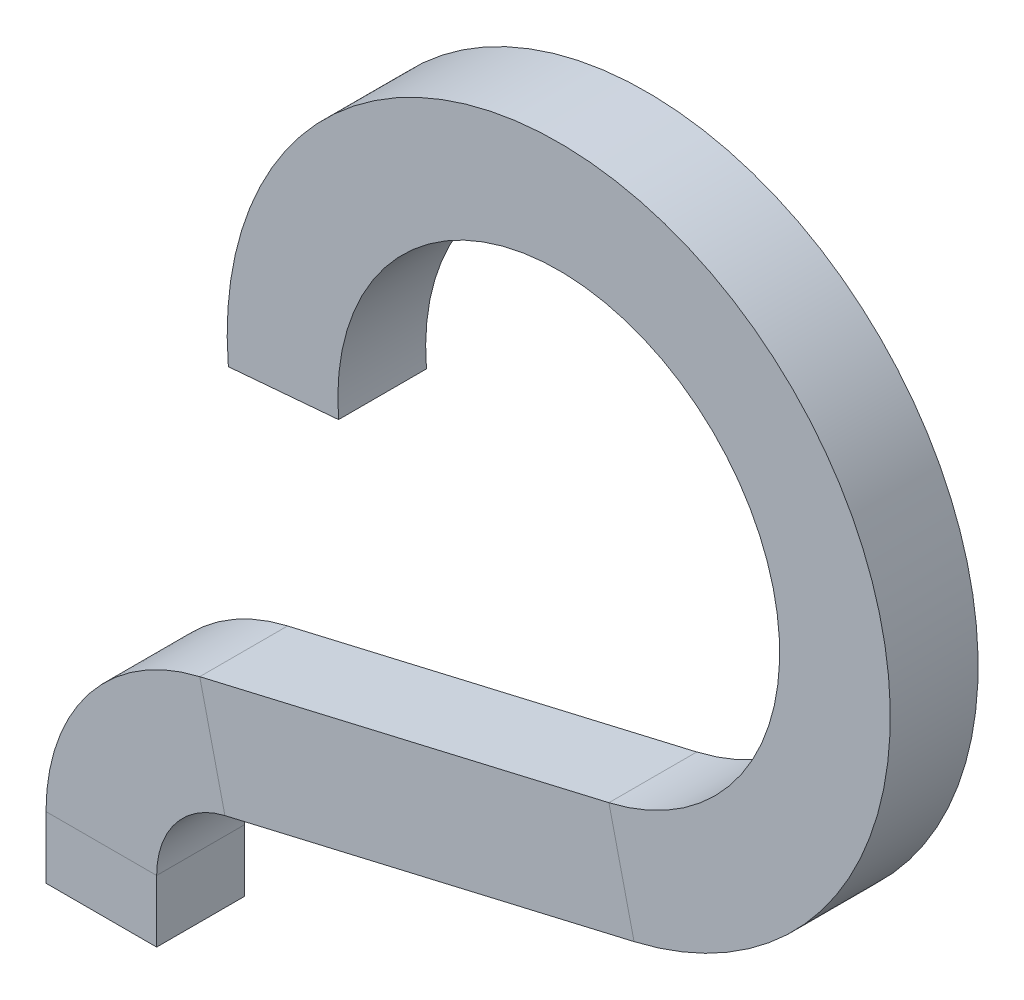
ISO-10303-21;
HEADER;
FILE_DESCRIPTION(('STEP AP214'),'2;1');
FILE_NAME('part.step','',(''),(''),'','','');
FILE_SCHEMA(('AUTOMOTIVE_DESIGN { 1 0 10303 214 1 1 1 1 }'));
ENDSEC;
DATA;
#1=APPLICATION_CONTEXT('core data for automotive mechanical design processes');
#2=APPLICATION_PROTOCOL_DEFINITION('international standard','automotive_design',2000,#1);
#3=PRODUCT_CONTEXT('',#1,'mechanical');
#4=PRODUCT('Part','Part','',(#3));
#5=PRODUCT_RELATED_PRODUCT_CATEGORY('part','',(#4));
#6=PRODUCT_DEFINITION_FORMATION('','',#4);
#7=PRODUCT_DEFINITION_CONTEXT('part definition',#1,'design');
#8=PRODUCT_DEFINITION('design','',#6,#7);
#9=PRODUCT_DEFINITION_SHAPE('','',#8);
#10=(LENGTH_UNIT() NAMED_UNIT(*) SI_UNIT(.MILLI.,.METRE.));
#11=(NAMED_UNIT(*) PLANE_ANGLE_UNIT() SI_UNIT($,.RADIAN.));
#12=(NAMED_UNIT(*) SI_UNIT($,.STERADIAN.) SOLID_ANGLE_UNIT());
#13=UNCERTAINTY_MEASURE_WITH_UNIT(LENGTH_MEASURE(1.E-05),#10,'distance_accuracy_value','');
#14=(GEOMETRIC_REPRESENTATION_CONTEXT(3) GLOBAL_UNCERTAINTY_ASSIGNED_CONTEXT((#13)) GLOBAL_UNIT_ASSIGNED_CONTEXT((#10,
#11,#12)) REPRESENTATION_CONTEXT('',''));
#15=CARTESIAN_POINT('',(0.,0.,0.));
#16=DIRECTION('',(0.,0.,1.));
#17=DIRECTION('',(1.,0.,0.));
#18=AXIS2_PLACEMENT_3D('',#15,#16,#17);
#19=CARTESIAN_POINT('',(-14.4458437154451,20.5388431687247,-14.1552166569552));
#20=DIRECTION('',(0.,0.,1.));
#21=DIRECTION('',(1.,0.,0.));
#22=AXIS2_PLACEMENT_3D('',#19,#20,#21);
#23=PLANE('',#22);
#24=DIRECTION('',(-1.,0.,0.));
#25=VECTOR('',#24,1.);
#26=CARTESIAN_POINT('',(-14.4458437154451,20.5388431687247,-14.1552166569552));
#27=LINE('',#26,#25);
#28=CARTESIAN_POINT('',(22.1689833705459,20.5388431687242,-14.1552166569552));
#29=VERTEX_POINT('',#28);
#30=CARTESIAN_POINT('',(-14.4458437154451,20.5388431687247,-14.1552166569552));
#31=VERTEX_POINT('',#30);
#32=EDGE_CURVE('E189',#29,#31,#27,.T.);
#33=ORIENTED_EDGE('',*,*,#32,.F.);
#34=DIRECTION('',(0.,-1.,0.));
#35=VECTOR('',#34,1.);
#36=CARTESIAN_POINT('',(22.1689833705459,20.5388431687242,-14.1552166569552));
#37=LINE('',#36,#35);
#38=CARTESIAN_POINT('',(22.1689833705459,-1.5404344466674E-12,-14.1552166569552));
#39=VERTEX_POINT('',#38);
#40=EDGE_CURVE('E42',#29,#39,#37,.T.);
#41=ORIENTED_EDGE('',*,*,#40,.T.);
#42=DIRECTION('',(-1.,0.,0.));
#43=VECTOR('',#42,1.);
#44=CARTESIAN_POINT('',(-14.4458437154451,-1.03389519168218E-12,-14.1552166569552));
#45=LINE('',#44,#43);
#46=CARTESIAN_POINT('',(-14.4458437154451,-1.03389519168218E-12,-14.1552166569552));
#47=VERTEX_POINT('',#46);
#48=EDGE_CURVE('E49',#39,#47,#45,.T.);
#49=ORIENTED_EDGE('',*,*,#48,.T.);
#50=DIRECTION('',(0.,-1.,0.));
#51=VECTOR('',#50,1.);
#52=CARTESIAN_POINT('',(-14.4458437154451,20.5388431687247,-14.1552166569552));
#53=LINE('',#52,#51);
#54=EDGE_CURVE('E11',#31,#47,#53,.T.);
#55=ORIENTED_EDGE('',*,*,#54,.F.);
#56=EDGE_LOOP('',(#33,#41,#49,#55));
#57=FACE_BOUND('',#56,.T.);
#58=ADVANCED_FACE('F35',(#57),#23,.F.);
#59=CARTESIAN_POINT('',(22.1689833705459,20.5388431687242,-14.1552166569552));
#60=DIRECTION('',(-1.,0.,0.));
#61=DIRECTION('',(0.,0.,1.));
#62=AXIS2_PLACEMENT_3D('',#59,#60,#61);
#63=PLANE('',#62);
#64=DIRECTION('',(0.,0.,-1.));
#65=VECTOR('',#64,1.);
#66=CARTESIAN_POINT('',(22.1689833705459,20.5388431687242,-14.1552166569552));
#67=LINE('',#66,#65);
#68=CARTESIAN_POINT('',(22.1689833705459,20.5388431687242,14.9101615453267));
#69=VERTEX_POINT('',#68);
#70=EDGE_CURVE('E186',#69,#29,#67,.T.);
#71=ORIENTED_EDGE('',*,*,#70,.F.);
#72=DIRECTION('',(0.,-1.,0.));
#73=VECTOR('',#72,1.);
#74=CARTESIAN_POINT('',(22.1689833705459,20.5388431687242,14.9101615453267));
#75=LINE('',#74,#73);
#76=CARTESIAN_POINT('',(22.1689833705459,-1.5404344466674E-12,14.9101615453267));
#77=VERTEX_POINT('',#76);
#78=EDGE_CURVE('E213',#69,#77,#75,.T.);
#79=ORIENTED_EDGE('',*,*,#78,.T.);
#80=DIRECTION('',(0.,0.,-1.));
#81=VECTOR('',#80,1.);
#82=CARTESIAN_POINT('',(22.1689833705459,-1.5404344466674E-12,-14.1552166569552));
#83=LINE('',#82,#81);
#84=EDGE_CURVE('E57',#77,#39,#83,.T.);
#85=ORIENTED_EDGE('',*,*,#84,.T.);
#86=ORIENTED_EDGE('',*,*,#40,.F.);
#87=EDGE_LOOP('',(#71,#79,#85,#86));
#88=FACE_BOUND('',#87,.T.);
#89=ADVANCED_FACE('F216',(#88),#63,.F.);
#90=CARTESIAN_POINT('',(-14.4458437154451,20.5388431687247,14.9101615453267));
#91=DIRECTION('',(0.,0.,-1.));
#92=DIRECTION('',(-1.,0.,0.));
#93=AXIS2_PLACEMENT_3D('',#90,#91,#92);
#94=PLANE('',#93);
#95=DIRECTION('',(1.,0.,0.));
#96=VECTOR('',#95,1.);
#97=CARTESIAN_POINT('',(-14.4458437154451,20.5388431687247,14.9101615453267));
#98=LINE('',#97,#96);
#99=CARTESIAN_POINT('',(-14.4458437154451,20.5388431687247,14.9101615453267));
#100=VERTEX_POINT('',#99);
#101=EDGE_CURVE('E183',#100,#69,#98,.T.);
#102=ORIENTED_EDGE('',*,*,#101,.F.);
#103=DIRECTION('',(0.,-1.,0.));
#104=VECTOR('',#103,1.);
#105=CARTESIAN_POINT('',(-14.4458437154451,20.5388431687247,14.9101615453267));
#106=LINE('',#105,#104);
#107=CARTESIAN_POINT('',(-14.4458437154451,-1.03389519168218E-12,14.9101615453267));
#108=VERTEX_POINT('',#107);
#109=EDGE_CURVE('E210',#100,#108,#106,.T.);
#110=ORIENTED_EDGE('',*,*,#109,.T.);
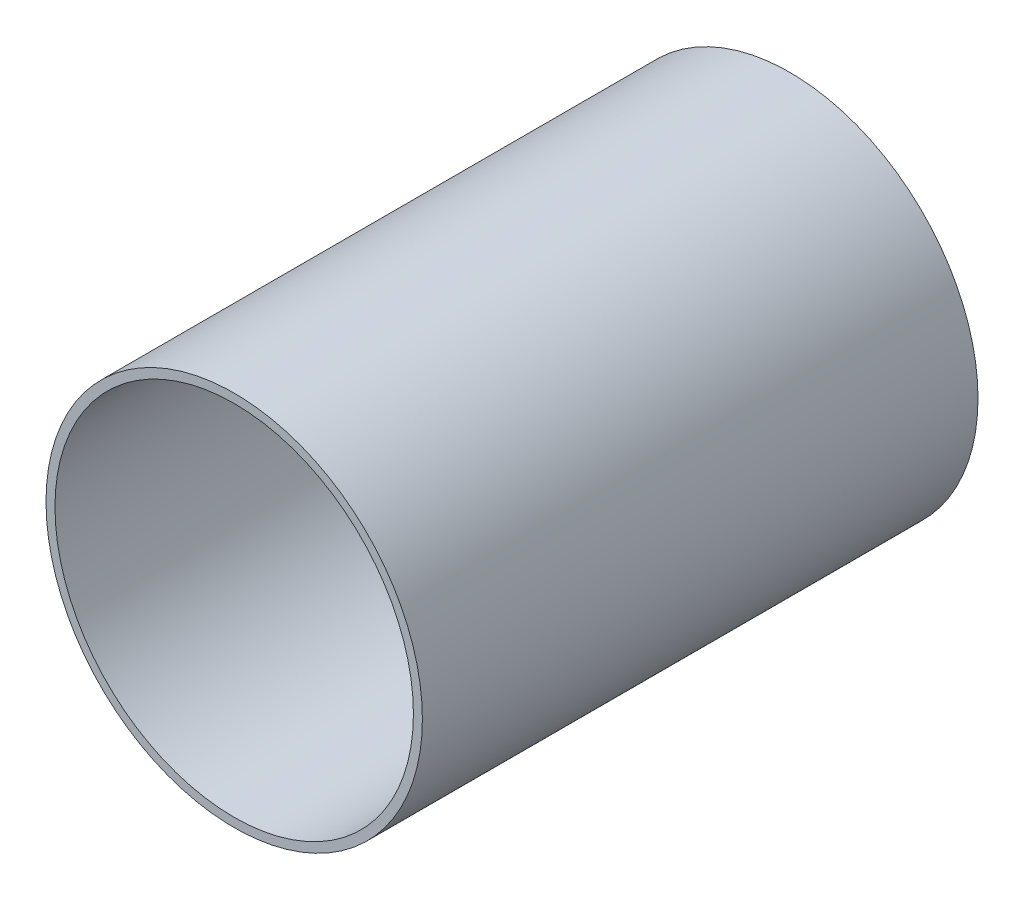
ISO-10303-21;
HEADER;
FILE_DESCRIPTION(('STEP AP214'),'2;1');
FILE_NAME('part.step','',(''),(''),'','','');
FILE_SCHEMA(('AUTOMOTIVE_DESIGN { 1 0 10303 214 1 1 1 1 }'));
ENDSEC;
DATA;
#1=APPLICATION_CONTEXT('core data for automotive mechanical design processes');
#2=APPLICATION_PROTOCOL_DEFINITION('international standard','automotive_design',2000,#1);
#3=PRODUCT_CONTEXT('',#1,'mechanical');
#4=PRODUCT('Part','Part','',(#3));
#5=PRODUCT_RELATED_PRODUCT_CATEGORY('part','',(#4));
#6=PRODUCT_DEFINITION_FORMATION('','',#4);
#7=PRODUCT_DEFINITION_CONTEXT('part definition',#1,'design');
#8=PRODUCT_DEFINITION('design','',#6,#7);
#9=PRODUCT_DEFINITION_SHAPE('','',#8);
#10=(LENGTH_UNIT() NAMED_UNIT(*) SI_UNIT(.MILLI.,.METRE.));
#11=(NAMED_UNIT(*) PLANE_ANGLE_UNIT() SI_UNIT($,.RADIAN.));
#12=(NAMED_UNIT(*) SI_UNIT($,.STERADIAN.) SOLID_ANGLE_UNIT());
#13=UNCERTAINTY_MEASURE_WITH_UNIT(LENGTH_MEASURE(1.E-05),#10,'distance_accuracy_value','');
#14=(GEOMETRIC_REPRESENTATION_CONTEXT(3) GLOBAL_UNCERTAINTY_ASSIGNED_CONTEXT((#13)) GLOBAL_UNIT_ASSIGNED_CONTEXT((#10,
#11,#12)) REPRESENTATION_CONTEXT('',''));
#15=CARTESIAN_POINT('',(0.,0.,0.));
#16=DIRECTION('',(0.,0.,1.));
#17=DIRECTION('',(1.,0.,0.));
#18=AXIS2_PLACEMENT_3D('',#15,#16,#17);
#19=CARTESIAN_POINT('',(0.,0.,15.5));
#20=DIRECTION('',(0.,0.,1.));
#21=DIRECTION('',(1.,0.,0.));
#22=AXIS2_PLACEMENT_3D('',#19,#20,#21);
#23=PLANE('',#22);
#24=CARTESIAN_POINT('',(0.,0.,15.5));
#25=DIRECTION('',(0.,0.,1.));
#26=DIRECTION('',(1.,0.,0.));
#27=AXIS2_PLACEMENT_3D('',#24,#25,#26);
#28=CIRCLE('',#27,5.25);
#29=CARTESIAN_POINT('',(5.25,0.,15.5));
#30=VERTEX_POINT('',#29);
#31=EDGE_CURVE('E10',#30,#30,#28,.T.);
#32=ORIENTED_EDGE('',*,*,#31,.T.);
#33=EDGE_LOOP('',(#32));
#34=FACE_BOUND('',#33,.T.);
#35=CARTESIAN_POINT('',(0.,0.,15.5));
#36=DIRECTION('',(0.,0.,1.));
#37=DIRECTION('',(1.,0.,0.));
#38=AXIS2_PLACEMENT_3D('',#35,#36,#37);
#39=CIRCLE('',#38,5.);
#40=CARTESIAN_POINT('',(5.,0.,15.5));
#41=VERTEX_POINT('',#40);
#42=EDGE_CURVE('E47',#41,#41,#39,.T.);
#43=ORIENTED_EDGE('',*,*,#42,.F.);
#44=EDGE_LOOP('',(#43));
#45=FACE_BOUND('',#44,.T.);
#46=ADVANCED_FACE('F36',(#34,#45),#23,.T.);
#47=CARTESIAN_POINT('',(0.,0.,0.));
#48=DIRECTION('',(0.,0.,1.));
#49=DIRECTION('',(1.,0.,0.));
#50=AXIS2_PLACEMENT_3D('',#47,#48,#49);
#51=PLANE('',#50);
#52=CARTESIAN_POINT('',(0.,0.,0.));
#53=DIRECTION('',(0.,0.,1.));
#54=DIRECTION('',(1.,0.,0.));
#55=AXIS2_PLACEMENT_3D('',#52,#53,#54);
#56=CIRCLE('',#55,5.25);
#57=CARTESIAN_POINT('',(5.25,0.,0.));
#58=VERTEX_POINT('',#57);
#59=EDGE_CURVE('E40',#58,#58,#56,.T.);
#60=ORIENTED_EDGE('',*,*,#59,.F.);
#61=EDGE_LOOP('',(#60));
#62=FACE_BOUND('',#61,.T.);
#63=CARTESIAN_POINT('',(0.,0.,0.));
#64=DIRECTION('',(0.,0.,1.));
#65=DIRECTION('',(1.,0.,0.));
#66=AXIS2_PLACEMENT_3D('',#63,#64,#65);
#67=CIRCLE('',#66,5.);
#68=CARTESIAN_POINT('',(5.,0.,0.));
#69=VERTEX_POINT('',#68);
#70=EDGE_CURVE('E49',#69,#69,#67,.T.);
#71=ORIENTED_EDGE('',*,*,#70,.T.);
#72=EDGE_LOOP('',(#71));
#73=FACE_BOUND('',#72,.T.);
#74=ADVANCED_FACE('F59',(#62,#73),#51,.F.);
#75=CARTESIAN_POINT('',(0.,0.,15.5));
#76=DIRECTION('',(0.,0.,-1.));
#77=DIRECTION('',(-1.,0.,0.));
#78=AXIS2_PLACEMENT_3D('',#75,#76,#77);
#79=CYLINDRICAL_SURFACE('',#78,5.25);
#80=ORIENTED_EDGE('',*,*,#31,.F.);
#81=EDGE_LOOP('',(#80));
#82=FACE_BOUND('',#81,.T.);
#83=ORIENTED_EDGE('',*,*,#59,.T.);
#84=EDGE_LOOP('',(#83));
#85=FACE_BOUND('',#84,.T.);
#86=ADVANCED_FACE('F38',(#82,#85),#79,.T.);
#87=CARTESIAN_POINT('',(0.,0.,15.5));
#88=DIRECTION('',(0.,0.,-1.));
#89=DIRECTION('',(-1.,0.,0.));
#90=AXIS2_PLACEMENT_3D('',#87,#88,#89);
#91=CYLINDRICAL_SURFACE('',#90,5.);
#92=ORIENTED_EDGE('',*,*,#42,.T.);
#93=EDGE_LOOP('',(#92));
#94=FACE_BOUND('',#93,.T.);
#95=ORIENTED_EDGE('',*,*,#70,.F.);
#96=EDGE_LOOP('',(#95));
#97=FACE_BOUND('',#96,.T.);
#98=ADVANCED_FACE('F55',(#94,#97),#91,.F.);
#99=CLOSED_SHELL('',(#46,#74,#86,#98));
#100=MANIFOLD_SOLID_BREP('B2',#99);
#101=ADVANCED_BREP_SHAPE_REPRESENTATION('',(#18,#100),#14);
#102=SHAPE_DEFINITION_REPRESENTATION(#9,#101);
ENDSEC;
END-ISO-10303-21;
- - -
▶ _ASSIGNMENT_
From the line that contains "#90=AXIS2_PLACEMENT_3D('',#87,#88,#89);" down to the final line of the entries, print every line exactly as it is, and only those lines.

▶ _THE ANSWER_
#90=AXIS2_PLACEMENT_3D('',#87,#88,#89);
#91=CYLINDRICAL_SURFACE('',#90,5.);
#92=ORIENTED_EDGE('',*,*,#42,.T.);
#93=EDGE_LOOP('',(#92));
#94=FACE_BOUND('',#93,.T.);
#95=ORIENTED_EDGE('',*,*,#70,.F.);
#96=EDGE_LOOP('',(#95));
#97=FACE_BOUND('',#96,.T.);
#98=ADVANCED_FACE('F55',(#94,#97),#91,.F.);
#99=CLOSED_SHELL('',(#46,#74,#86,#98));
#100=MANIFOLD_SOLID_BREP('B2',#99);
#101=ADVANCED_BREP_SHAPE_REPRESENTATION('',(#18,#100),#14);
#102=SHAPE_DEFINITION_REPRESENTATION(#9,#101);
ENDSEC;
END-ISO-10303-21;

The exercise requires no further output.